Like cats, prospects get easily distracted. But once focused, cats can keep staring at you for over 15 minutes.

So once you got the attention with a hook, lay out the direct path to process your main message. 

  1. Remove verbal clutter. Read each sentence and mark the words that you could remove without changing the meaning (informational and emotional) – and remove them.
  2. If you have multiple options to convert with different value or intent levels, place them in succession. Don’t slam all options into a single block.
  3. Avoid giving prospects multiple similar or connected options. Like cats, they might never make a decision.
  4. When listing benefits, stick to 2-3 and group them by application areas. Don’t throw all value props into one email. 
  5. Start with your main offer that you want prospects to go with, and make the second one a compromised alternative. 
  6. Add visuals (images, photos, memes, videos) to visually balance your content whenever it makes sense (even if it’s short). 
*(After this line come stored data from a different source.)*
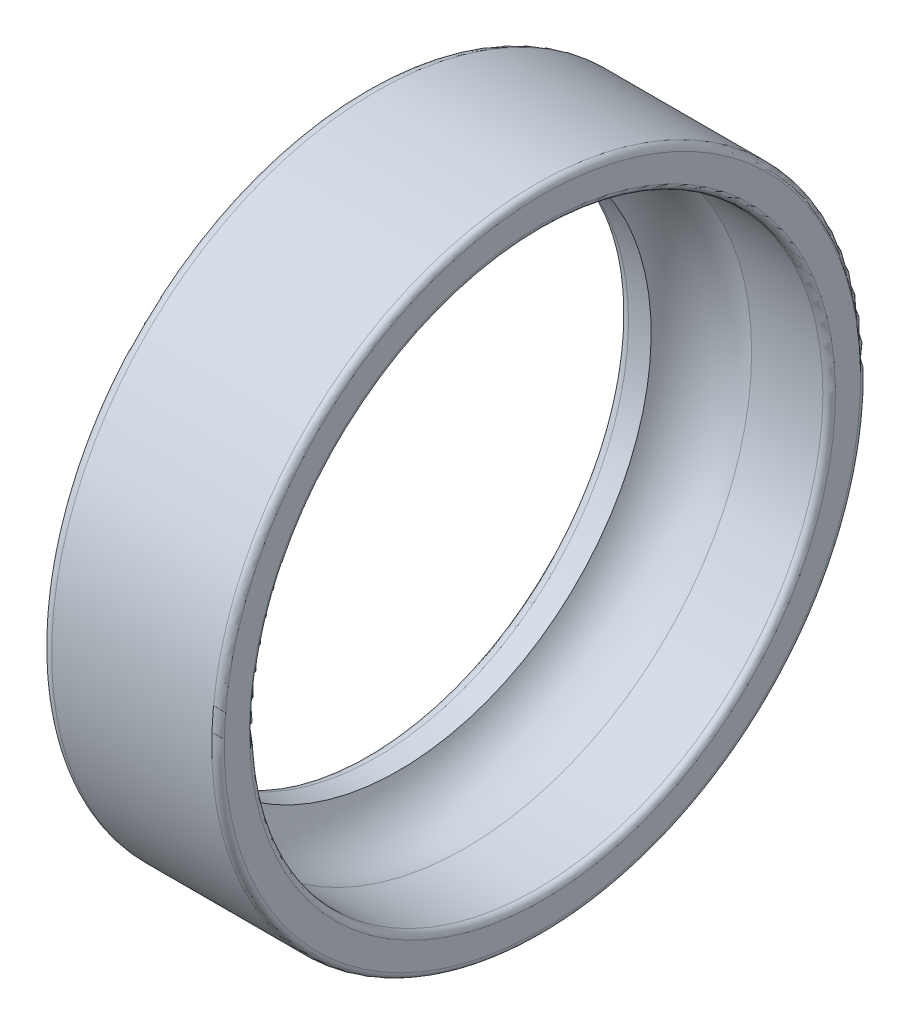
ISO-10303-21;
HEADER;
FILE_DESCRIPTION(('STEP AP214'),'2;1');
FILE_NAME('part.step','',(''),(''),'','','');
FILE_SCHEMA(('AUTOMOTIVE_DESIGN { 1 0 10303 214 1 1 1 1 }'));
ENDSEC;
DATA;
#1=APPLICATION_CONTEXT('core data for automotive mechanical design processes');
#2=APPLICATION_PROTOCOL_DEFINITION('international standard','automotive_design',2000,#1);
#3=PRODUCT_CONTEXT('',#1,'mechanical');
#4=PRODUCT('Part','Part','',(#3));
#5=PRODUCT_RELATED_PRODUCT_CATEGORY('part','',(#4));
#6=PRODUCT_DEFINITION_FORMATION('','',#4);
#7=PRODUCT_DEFINITION_CONTEXT('part definition',#1,'design');
#8=PRODUCT_DEFINITION('design','',#6,#7);
#9=PRODUCT_DEFINITION_SHAPE('','',#8);
#10=(LENGTH_UNIT() NAMED_UNIT(*) SI_UNIT(.MILLI.,.METRE.));
#11=(NAMED_UNIT(*) PLANE_ANGLE_UNIT() SI_UNIT($,.RADIAN.));
#12=(NAMED_UNIT(*) SI_UNIT($,.STERADIAN.) SOLID_ANGLE_UNIT());
#13=UNCERTAINTY_MEASURE_WITH_UNIT(LENGTH_MEASURE(1.E-05),#10,'distance_accuracy_value','');
#14=(GEOMETRIC_REPRESENTATION_CONTEXT(3) GLOBAL_UNCERTAINTY_ASSIGNED_CONTEXT((#13)) GLOBAL_UNIT_ASSIGNED_CONTEXT((#10,
#11,#12)) REPRESENTATION_CONTEXT('',''));
#15=CARTESIAN_POINT('',(0.,0.,0.));
#16=DIRECTION('',(0.,0.,1.));
#17=DIRECTION('',(1.,0.,0.));
#18=AXIS2_PLACEMENT_3D('',#15,#16,#17);
#19=CARTESIAN_POINT('',(2.18170499179333,0.,0.));
#20=DIRECTION('',(-1.,0.,0.));
#21=DIRECTION('',(0.,1.,0.));
#22=AXIS2_PLACEMENT_3D('',#19,#20,#21);
#23=CYLINDRICAL_SURFACE('',#22,24.125);
#24=CARTESIAN_POINT('',(3.26340998358664,0.,0.));
#25=DIRECTION('',(1.,0.,0.));
#26=DIRECTION('',(0.,1.,0.));
#27=AXIS2_PLACEMENT_3D('',#24,#25,#26);
#28=CIRCLE('',#27,24.125);
#29=CARTESIAN_POINT('',(3.26340998358664,24.125,0.));
#30=VERTEX_POINT('',#29);
#31=EDGE_CURVE('E10',#30,#30,#28,.T.);
#32=ORIENTED_EDGE('',*,*,#31,.T.);
#33=EDGE_LOOP('',(#32));
#34=FACE_BOUND('',#33,.T.);
#35=CARTESIAN_POINT('',(1.1,0.,0.));
#36=DIRECTION('',(1.,0.,0.));
#37=DIRECTION('',(0.,1.,0.));
#38=AXIS2_PLACEMENT_3D('',#35,#36,#37);
#39=CIRCLE('',#38,24.125);
#40=CARTESIAN_POINT('',(1.1,24.125,0.));
#41=VERTEX_POINT('',#40);
#42=EDGE_CURVE('E19',#41,#41,#39,.T.);
#43=ORIENTED_EDGE('',*,*,#42,.F.);
#44=EDGE_LOOP('',(#43));
#45=FACE_BOUND('',#44,.T.);
#46=ADVANCED_FACE('F15',(#34,#45),#23,.F.);
#47=CARTESIAN_POINT('',(8.5,0.,0.));
#48=DIRECTION('',(1.,0.,0.));
#49=DIRECTION('',(0.,0.,-1.));
#50=AXIS2_PLACEMENT_3D('',#47,#48,#49);
#51=TOROIDAL_SURFACE('',#50,21.75,5.75);
#52=CARTESIAN_POINT('',(9.59383499669738,0.,0.));
#53=DIRECTION('',(1.,0.,0.));
#54=DIRECTION('',(0.,1.,0.));
#55=AXIS2_PLACEMENT_3D('',#52,#53,#54);
#56=CIRCLE('',#55,27.395);
#57=CARTESIAN_POINT('',(9.59383499669738,27.395,0.));
#58=VERTEX_POINT('',#57);
#59=EDGE_CURVE('E25',#58,#58,#56,.T.);
#60=ORIENTED_EDGE('',*,*,#59,.T.);
#61=EDGE_LOOP('',(#60));
#62=FACE_BOUND('',#61,.T.);
#63=ORIENTED_EDGE('',*,*,#31,.F.);
#64=EDGE_LOOP('',(#63));
#65=FACE_BOUND('',#64,.T.);
#66=ADVANCED_FACE('F102',(#62,#65),#51,.F.);
#67=CARTESIAN_POINT('',(12.9969174983487,0.,0.));
#68=DIRECTION('',(-1.,0.,0.));
#69=DIRECTION('',(0.,1.,0.));
#70=AXIS2_PLACEMENT_3D('',#67,#68,#69);
#71=CYLINDRICAL_SURFACE('',#70,27.395);
#72=CARTESIAN_POINT('',(16.4,0.,0.));
#73=DIRECTION('',(1.,0.,0.));
#74=DIRECTION('',(0.,1.,0.));
#75=AXIS2_PLACEMENT_3D('',#72,#73,#74);
#76=CIRCLE('',#75,27.395);
#77=CARTESIAN_POINT('',(16.4,27.395,0.));
#78=VERTEX_POINT('',#77);
#79=EDGE_CURVE('E61',#78,#78,#76,.T.);
#80=ORIENTED_EDGE('',*,*,#79,.T.);
#81=EDGE_LOOP('',(#80));
#82=FACE_BOUND('',#81,.T.);
#83=ORIENTED_EDGE('',*,*,#59,.F.);
#84=EDGE_LOOP('',(#83));
#85=FACE_BOUND('',#84,.T.);
#86=ADVANCED_FACE('F62',(#82,#85),#71,.F.);
#87=CARTESIAN_POINT('',(16.4,0.,0.));
#88=DIRECTION('',(1.,0.,0.));
#89=DIRECTION('',(0.,0.,-1.));
#90=AXIS2_PLACEMENT_3D('',#87,#88,#89);
#91=TOROIDAL_SURFACE('',#90,27.995,0.6);
#92=CARTESIAN_POINT('',(17.,0.,0.));
#93=DIRECTION('',(1.,0.,0.));
#94=DIRECTION('',(0.,1.,0.));
#95=AXIS2_PLACEMENT_3D('',#92,#93,#94);
#96=CIRCLE('',#95,27.995);
#97=CARTESIAN_POINT('',(17.,27.995,0.));
#98=VERTEX_POINT('',#97);
#99=EDGE_CURVE('E57',#98,#98,#96,.T.);
#100=ORIENTED_EDGE('',*,*,#99,.T.);
#101=EDGE_LOOP('',(#100));
#102=FACE_BOUND('',#101,.T.);
#103=ORIENTED_EDGE('',*,*,#79,.F.);
#104=EDGE_LOOP('',(#103));
#105=FACE_BOUND('',#104,.T.);
#106=ADVANCED_FACE('F121',(#102,#105),#91,.T.);
#107=CARTESIAN_POINT('',(17.,29.1975,0.));
#108=DIRECTION('',(1.,0.,0.));
#109=DIRECTION('',(0.,1.,0.));
#110=AXIS2_PLACEMENT_3D('',#107,#108,#109);
#111=PLANE('',#110);
#112=CARTESIAN_POINT('',(17.,0.,0.));
#113=DIRECTION('',(1.,0.,0.));
#114=DIRECTION('',(0.,1.,0.));
#115=AXIS2_PLACEMENT_3D('',#112,#113,#114);
#116=CIRCLE('',#115,30.4);
#117=CARTESIAN_POINT('',(17.,30.4,0.));
#118=VERTEX_POINT('',#117);
#119=EDGE_CURVE('E53',#118,#118,#116,.T.);
#120=ORIENTED_EDGE('',*,*,#119,.T.);
#121=EDGE_LOOP('',(#120));
#122=FACE_BOUND('',#121,.T.);
#123=ORIENTED_EDGE('',*,*,#99,.F.);
#124=EDGE_LOOP('',(#123));
#125=FACE_BOUND('',#124,.T.);
#126=ADVANCED_FACE('F115',(#122,#125),#111,.T.);
#127=CARTESIAN_POINT('',(16.4,0.,0.));
#128=DIRECTION('',(1.,0.,0.));
#129=DIRECTION('',(0.,0.,-1.));
#130=AXIS2_PLACEMENT_3D('',#127,#128,#129);
#131=TOROIDAL_SURFACE('',#130,30.4,0.6);
#132=CARTESIAN_POINT('',(16.4,0.,0.));
#133=DIRECTION('',(1.,0.,0.));
#134=DIRECTION('',(0.,1.,0.));
#135=AXIS2_PLACEMENT_3D('',#132,#133,#134);
#136=CIRCLE('',#135,31.);
#137=CARTESIAN_POINT('',(16.4,31.,0.));
#138=VERTEX_POINT('',#137);
#139=EDGE_CURVE('E72',#138,#138,#136,.T.);
#140=ORIENTED_EDGE('',*,*,#139,.T.);
#141=EDGE_LOOP('',(#140));
#142=FACE_BOUND('',#141,.T.);
#143=ORIENTED_EDGE('',*,*,#119,.F.);
#144=EDGE_LOOP('',(#143));
#145=FACE_BOUND('',#144,.T.);
#146=ADVANCED_FACE('F17',(#142,#145),#131,.T.);
#147=CARTESIAN_POINT('',(8.75,0.,0.));
#148=DIRECTION('',(-1.,0.,0.));
#149=DIRECTION('',(0.,1.,0.));
#150=AXIS2_PLACEMENT_3D('',#147,#148,#149);
#151=CYLINDRICAL_SURFACE('',#150,31.);
#152=CARTESIAN_POINT('',(1.1,0.,0.));
#153=DIRECTION('',(1.,0.,0.));
#154=DIRECTION('',(0.,1.,0.));
#155=AXIS2_PLACEMENT_3D('',#152,#153,#154);
#156=CIRCLE('',#155,31.);
#157=CARTESIAN_POINT('',(1.1,31.,0.));
#158=VERTEX_POINT('',#157);
#159=EDGE_CURVE('E73',#158,#158,#156,.T.);
#160=ORIENTED_EDGE('',*,*,#159,.T.);
#161=EDGE_LOOP('',(#160));
#162=FACE_BOUND('',#161,.T.);
#163=ORIENTED_EDGE('',*,*,#139,.F.);
#164=EDGE_LOOP('',(#163));
#165=FACE_BOUND('',#164,.T.);
#166=ADVANCED_FACE('F98',(#162,#165),#151,.T.);
#167=CARTESIAN_POINT('',(1.1,0.,0.));
#168=DIRECTION('',(1.,0.,0.));
#169=DIRECTION('',(0.,0.,-1.));
#170=AXIS2_PLACEMENT_3D('',#167,#168,#169);
#171=TOROIDAL_SURFACE('',#170,29.9,1.1);
#172=CARTESIAN_POINT('',(0.,0.,0.));
#173=DIRECTION('',(1.,0.,0.));
#174=DIRECTION('',(0.,1.,0.));
#175=AXIS2_PLACEMENT_3D('',#172,#173,#174);
#176=CIRCLE('',#175,29.9);
#177=CARTESIAN_POINT('',(0.,29.9,0.));
#178=VERTEX_POINT('',#177);
#179=EDGE_CURVE('E70',#178,#178,#176,.T.);
#180=ORIENTED_EDGE('',*,*,#179,.T.);
#181=EDGE_LOOP('',(#180));
#182=FACE_BOUND('',#181,.T.);
#183=ORIENTED_EDGE('',*,*,#159,.F.);
#184=EDGE_LOOP('',(#183));
#185=FACE_BOUND('',#184,.T.);
#186=ADVANCED_FACE('F85',(#182,#185),#171,.T.);
#187=CARTESIAN_POINT('',(0.,27.5625,0.));
#188=DIRECTION('',(-1.,0.,0.));
#189=DIRECTION('',(0.,-1.,0.));
#190=AXIS2_PLACEMENT_3D('',#187,#188,#189);
#191=PLANE('',#190);
#192=CARTESIAN_POINT('',(0.,0.,0.));
#193=DIRECTION('',(1.,0.,0.));
#194=DIRECTION('',(0.,1.,0.));
#195=AXIS2_PLACEMENT_3D('',#192,#193,#194);
#196=CIRCLE('',#195,25.225);
#197=CARTESIAN_POINT('',(0.,25.225,0.));
#198=VERTEX_POINT('',#197);
#199=EDGE_CURVE('E78',#198,#198,#196,.T.);
#200=ORIENTED_EDGE('',*,*,#199,.T.);
#201=EDGE_LOOP('',(#200));
#202=FACE_BOUND('',#201,.T.);
#203=ORIENTED_EDGE('',*,*,#179,.F.);
#204=EDGE_LOOP('',(#203));
#205=FACE_BOUND('',#204,.T.);
#206=ADVANCED_FACE('F88',(#202,#205),#191,.T.);
#207=CARTESIAN_POINT('',(1.1,0.,0.));
#208=DIRECTION('',(1.,0.,0.));
#209=DIRECTION('',(0.,0.,-1.));
#210=AXIS2_PLACEMENT_3D('',#207,#208,#209);
#211=TOROIDAL_SURFACE('',#210,25.225,1.1);
#212=ORIENTED_EDGE('',*,*,#42,.T.);
#213=EDGE_LOOP('',(#212));
#214=FACE_BOUND('',#213,.T.);
#215=ORIENTED_EDGE('',*,*,#199,.F.);
#216=EDGE_LOOP('',(#215));
#217=FACE_BOUND('',#216,.T.);
#218=ADVANCED_FACE('F90',(#214,#217),#211,.T.);
#219=CLOSED_SHELL('',(#46,#66,#86,#106,#126,#146,#166,#186,#206,#218));
#220=MANIFOLD_SOLID_BREP('B1',#219);
#221=ADVANCED_BREP_SHAPE_REPRESENTATION('',(#18,#220),#14);
#222=SHAPE_DEFINITION_REPRESENTATION(#9,#221);
ENDSEC;
END-ISO-10303-21;

Step 4: Reward your prospects

Everyone likes an unexpected treat. 

Your job is to offer the one your audience likes and is already familiar with. 

  1. Add a freebie (a free solution, valuable or entertaining content) that can be redeemed without commitment to your offer. As a token of appreciation. 
  2. Give compliments strategically. People generally like to be appreciated for what they’ve accomplished. 

Make sure you acknowledge something they did (a post, a win they mentioned, etc.), but avoid unbacked flattery. Not everyone is an expert already, but everyone wants to become one. 

  1. When asking for something on their end, always offer something in return. Want a product review? Offer a discount or a gift card. Make it worth their time. 

Step 5: Repeat!

Sometimes you have to call your cats twice before they respond. Or three times, depending on what you want from them. 

The more valuable and sophisticated your offer is, the more emails it will take to convert your prospects. Aim for at least ½ of the length of your sales cycle’s worth of emails. 

Give your prospects the time needed for your offer to grow on them. And highlight different angles and benefits. 

Example

The result: 

By implementing this tactic, I managed to grow the average email metrics:

  • The average conversion rate for the bottom-most CTA went from 0.3% to 3.7%. This means prospects actually reached the bottom, clicked, and engaged with the page.
  • The overall email CTR grew from 3% to 11%.
  • The email conversion rate grew from less than 1% to 8-9%.